> _Task_: The expected answer comprises all lines from the entries that contain the string "Created".

Stored data:
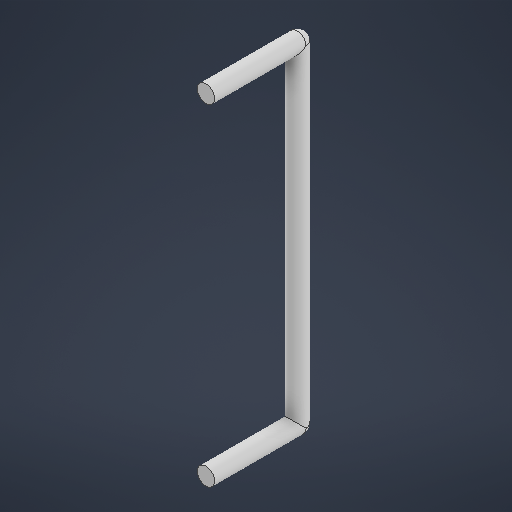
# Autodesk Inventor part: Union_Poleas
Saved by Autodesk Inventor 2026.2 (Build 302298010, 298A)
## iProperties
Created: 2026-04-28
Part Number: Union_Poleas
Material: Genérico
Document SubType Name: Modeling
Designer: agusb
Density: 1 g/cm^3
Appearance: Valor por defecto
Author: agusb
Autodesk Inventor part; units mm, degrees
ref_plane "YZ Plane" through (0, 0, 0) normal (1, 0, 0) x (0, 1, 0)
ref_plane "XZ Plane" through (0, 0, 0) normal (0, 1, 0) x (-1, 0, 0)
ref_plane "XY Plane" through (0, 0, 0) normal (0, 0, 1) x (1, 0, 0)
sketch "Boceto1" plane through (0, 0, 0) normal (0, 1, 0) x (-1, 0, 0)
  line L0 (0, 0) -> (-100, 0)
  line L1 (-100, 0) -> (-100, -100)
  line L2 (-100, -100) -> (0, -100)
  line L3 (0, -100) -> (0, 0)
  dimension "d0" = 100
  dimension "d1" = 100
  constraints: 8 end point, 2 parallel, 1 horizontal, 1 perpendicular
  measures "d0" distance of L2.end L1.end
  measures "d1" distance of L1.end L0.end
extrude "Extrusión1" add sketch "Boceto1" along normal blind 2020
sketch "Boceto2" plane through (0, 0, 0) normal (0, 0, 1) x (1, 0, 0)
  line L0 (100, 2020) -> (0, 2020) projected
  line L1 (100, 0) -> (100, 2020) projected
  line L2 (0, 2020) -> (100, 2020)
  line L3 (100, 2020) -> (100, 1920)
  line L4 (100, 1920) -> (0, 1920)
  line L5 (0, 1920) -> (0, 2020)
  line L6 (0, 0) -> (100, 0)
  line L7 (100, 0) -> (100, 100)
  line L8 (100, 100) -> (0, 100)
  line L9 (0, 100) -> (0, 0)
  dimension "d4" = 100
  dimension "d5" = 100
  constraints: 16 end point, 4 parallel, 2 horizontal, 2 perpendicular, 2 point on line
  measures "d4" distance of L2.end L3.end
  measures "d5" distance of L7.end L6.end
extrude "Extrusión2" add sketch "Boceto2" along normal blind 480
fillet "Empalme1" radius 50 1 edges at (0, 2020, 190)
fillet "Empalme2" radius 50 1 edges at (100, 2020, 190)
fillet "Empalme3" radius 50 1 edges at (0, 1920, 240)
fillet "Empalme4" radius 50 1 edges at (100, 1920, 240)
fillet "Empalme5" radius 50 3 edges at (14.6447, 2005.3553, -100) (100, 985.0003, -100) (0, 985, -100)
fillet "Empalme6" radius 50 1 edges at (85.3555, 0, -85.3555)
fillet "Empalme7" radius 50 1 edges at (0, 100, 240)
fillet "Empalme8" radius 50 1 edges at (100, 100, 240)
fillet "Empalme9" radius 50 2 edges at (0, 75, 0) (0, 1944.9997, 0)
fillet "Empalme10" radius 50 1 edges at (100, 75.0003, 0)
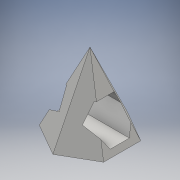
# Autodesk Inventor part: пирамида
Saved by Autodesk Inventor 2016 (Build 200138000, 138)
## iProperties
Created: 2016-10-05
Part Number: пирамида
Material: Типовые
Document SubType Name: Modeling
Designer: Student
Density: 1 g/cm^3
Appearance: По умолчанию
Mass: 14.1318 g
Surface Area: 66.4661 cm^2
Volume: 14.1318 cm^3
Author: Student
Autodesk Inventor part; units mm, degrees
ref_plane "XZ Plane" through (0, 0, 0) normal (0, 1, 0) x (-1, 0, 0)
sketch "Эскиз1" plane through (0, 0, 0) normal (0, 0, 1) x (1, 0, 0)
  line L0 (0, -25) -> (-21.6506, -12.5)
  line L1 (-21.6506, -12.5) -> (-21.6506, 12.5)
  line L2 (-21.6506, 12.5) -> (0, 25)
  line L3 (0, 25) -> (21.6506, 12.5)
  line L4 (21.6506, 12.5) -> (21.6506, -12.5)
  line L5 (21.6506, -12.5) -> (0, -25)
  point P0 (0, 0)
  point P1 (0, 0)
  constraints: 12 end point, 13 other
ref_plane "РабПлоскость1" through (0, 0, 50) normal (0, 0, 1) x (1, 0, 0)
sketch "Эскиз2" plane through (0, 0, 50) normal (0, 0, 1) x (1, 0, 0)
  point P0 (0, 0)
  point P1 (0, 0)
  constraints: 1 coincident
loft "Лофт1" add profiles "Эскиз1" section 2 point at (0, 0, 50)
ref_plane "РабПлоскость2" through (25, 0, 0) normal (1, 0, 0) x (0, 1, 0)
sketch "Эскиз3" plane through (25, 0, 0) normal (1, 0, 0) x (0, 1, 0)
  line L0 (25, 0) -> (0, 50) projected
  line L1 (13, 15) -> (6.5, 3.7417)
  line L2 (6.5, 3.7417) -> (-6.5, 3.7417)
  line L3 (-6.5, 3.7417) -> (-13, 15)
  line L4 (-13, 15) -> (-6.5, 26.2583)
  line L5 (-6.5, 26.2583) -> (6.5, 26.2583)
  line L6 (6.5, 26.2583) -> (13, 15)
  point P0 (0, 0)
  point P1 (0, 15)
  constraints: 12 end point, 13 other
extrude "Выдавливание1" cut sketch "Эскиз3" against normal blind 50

> _Finished task_:
Created: 2026-04-28
Created: 2016-10-05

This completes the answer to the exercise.